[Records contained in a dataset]
-.-.-

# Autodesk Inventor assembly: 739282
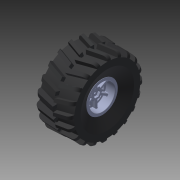
[picture p0: Inventor's stored thumbnail of the model, 180x180]
Saved by Autodesk Inventor 2016 SP1 (Build 200210100, 210)
## iProperties
Category: Add-on Components
Company: Autodesk Inc.
Created: 2014-11-26
Part Number: 739282
Document SubType Name: Assembly
Designer: Tetrix
Catalog Web Link: http://www.tetrixrobotics.com/Wheels/TETRIX_All-Terrain_Tire
Vendor: Tetrix
Author: Autodesk Inc.
## Documents named in this file (3)
- D:\FIRST\FTC\FTC KOP 2016\Tetrix\Tetrix_739282.iam
- D:\FIRST\FTC\FTC KOP 2016\Tetrix\Tetrix_739282_Hub.ipt
- D:\FIRST\FTC\FTC KOP 2016\Tetrix\Tetrix_739282_Tire.ipt
## Components (2 placed, 2 different names)
1. Tetrix_739282_Hub:1 — Insert:1
2. Tetrix_739282_Tire:1 — Insert:1
## Relationships (1: Insert 1)
- Insert:1: Tetrix_739282_Hub:1 ↔ Tetrix_739282_Tire:1

-.-.-

> Directions for this task: Show every line in the records above that contains the word "Inventor".

> Your solution:
# Autodesk Inventor assembly: 739282
[picture p0: Inventor's stored thumbnail of the model, 180x180]
Saved by Autodesk Inventor 2016 SP1 (Build 200210100, 210)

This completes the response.